WORK REQUEST: Everything in the records must be copied exactly, apart from the pictures.

RECORDS PROVIDED:
※ ※ ※

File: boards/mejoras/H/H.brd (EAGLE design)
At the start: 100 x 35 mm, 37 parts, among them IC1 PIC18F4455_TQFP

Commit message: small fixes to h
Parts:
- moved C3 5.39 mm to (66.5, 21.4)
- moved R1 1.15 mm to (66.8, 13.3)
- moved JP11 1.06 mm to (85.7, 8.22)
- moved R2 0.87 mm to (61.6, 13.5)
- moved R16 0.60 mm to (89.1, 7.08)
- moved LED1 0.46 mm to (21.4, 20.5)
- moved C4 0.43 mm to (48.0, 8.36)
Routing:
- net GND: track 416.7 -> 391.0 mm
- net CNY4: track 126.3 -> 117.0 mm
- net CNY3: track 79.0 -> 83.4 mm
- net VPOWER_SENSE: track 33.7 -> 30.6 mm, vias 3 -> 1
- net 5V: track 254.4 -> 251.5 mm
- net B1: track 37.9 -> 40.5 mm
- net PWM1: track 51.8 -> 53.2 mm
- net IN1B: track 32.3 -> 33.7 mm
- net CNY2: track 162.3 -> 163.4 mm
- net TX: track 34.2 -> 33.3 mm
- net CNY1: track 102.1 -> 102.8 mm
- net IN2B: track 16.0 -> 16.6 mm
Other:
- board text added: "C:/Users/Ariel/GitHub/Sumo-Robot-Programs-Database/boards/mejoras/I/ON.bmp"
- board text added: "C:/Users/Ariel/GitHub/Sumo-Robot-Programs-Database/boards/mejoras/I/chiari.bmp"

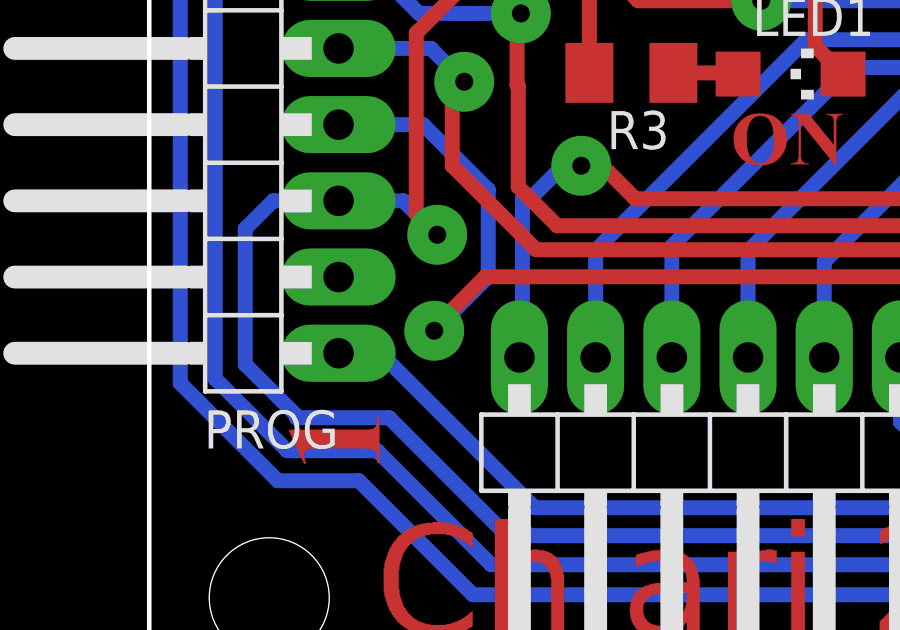
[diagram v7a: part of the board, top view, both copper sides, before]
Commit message: small fixes to g and i
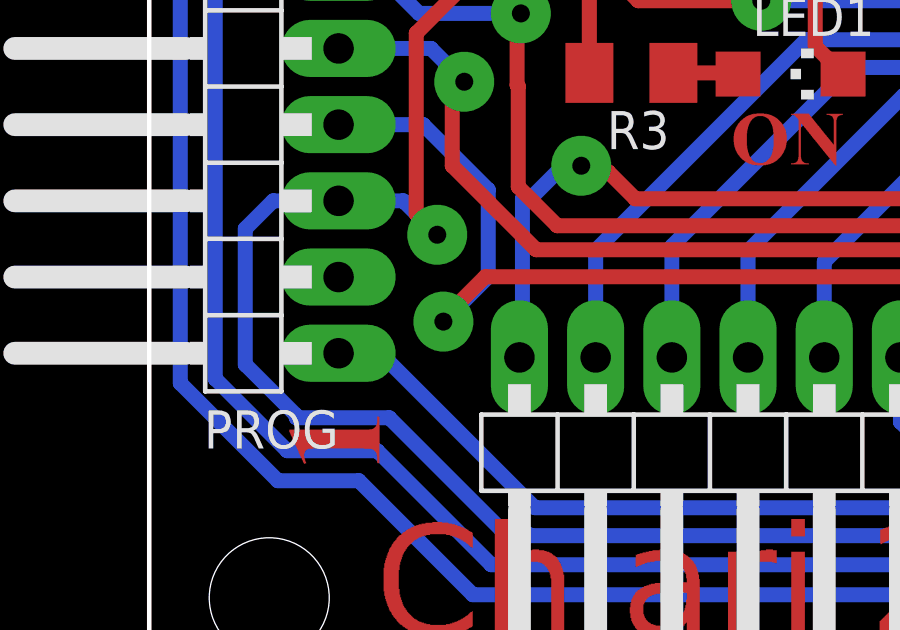
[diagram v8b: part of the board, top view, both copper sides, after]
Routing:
- net MCRL: track 46.7 -> 45.8 mm
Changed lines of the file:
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@@
 <wire x1="9.13" y1="18.77" x2="11.3" y2="16.6" width="0.5" layer="16"/>
 <wire x1="11.3" y1="16.6" x2="11.3" y2="13.7" width="0.5" layer="16"/>
-<wire x1="11.3" y1="13.7" x2="9.5" y2="11.9" width="0.5" layer="16"/>
-<via x="9.5" y="11.9" extent="1-16" drill="0.6" diameter="2"/>
+<wire x1="11.3" y1="13.7" x2="9.8048" y2="12.2048" width="0.5" layer="16"/>
+<via x="9.8048" y="12.2048" extent="1-16" drill="0.6" diameter="2"/>
 <wire x1="36" y1="13.7" x2="11.2" y2="13.7" width="0.5" layer="1"/>
-<wire x1="11.2" y1="13.7" x2="9.5" y2="12" width="0.5" layer="1"/>
-<wire x1="9.5" y1="11.9" x2="9.5" y2="12" width="0.5" layer="1"/>
+<wire x1="11.2" y1="13.7" x2="9.8048" y2="12.3048" width="0.5" layer="1"/>
+<wire x1="9.8048" y1="12.2048" x2="9.8048" y2="12.3048" width="0.5" layer="1"/>
 <wire x1="36.9" y1="14.6" x2="43.7" y2="14.6" width="0.5" layer="1"/>
 <wire x1="36" y1="13.7" x2="36.9" y2="14.6" width="0.5" layer="1"/>

※ ※ ※

TASK ANSWER:
File: boards/mejoras/H/H.brd (EAGLE design)
At the start: 100 x 35 mm, 37 parts, among them IC1 PIC18F4455_TQFP

Commit message: small fixes to h
Parts:
- moved C3 5.39 mm to (66.5, 21.4)
- moved R1 1.15 mm to (66.8, 13.3)
- moved JP11 1.06 mm to (85.7, 8.22)
- moved R2 0.87 mm to (61.6, 13.5)
- moved R16 0.60 mm to (89.1, 7.08)
- moved LED1 0.46 mm to (21.4, 20.5)
- moved C4 0.43 mm to (48.0, 8.36)
Routing:
- net GND: track 416.7 -> 391.0 mm
- net CNY4: track 126.3 -> 117.0 mm
- net CNY3: track 79.0 -> 83.4 mm
- net VPOWER_SENSE: track 33.7 -> 30.6 mm, vias 3 -> 1
- net 5V: track 254.4 -> 251.5 mm
- net B1: track 37.9 -> 40.5 mm
- net PWM1: track 51.8 -> 53.2 mm
- net IN1B: track 32.3 -> 33.7 mm
- net CNY2: track 162.3 -> 163.4 mm
- net TX: track 34.2 -> 33.3 mm
- net CNY1: track 102.1 -> 102.8 mm
- net IN2B: track 16.0 -> 16.6 mm
Other:
- board text added: "C:/Users/Ariel/GitHub/Sumo-Robot-Programs-Database/boards/mejoras/I/ON.bmp"
- board text added: "C:/Users/Ariel/GitHub/Sumo-Robot-Programs-Database/boards/mejoras/I/chiari.bmp"

[diagram v7a: part of the board, top view, both copper sides, before]
Commit message: small fixes to g and i
[diagram v8b: part of the board, top view, both copper sides, after]
Routing:
- net MCRL: track 46.7 -> 45.8 mm
Changed lines of the file:
@@
 <wire x1="9.13" y1="18.77" x2="11.3" y2="16.6" width="0.5" layer="16"/>
 <wire x1="11.3" y1="16.6" x2="11.3" y2="13.7" width="0.5" layer="16"/>
-<wire x1="11.3" y1="13.7" x2="9.5" y2="11.9" width="0.5" layer="16"/>
-<via x="9.5" y="11.9" extent="1-16" drill="0.6" diameter="2"/>
+<wire x1="11.3" y1="13.7" x2="9.8048" y2="12.2048" width="0.5" layer="16"/>
+<via x="9.8048" y="12.2048" extent="1-16" drill="0.6" diameter="2"/>
 <wire x1="36" y1="13.7" x2="11.2" y2="13.7" width="0.5" layer="1"/>
-<wire x1="11.2" y1="13.7" x2="9.5" y2="12" width="0.5" layer="1"/>
-<wire x1="9.5" y1="11.9" x2="9.5" y2="12" width="0.5" layer="1"/>
+<wire x1="11.2" y1="13.7" x2="9.8048" y2="12.3048" width="0.5" layer="1"/>
+<wire x1="9.8048" y1="12.2048" x2="9.8048" y2="12.3048" width="0.5" layer="1"/>
 <wire x1="36.9" y1="14.6" x2="43.7" y2="14.6" width="0.5" layer="1"/>
 <wire x1="36" y1="13.7" x2="36.9" y2="14.6" width="0.5" layer="1"/>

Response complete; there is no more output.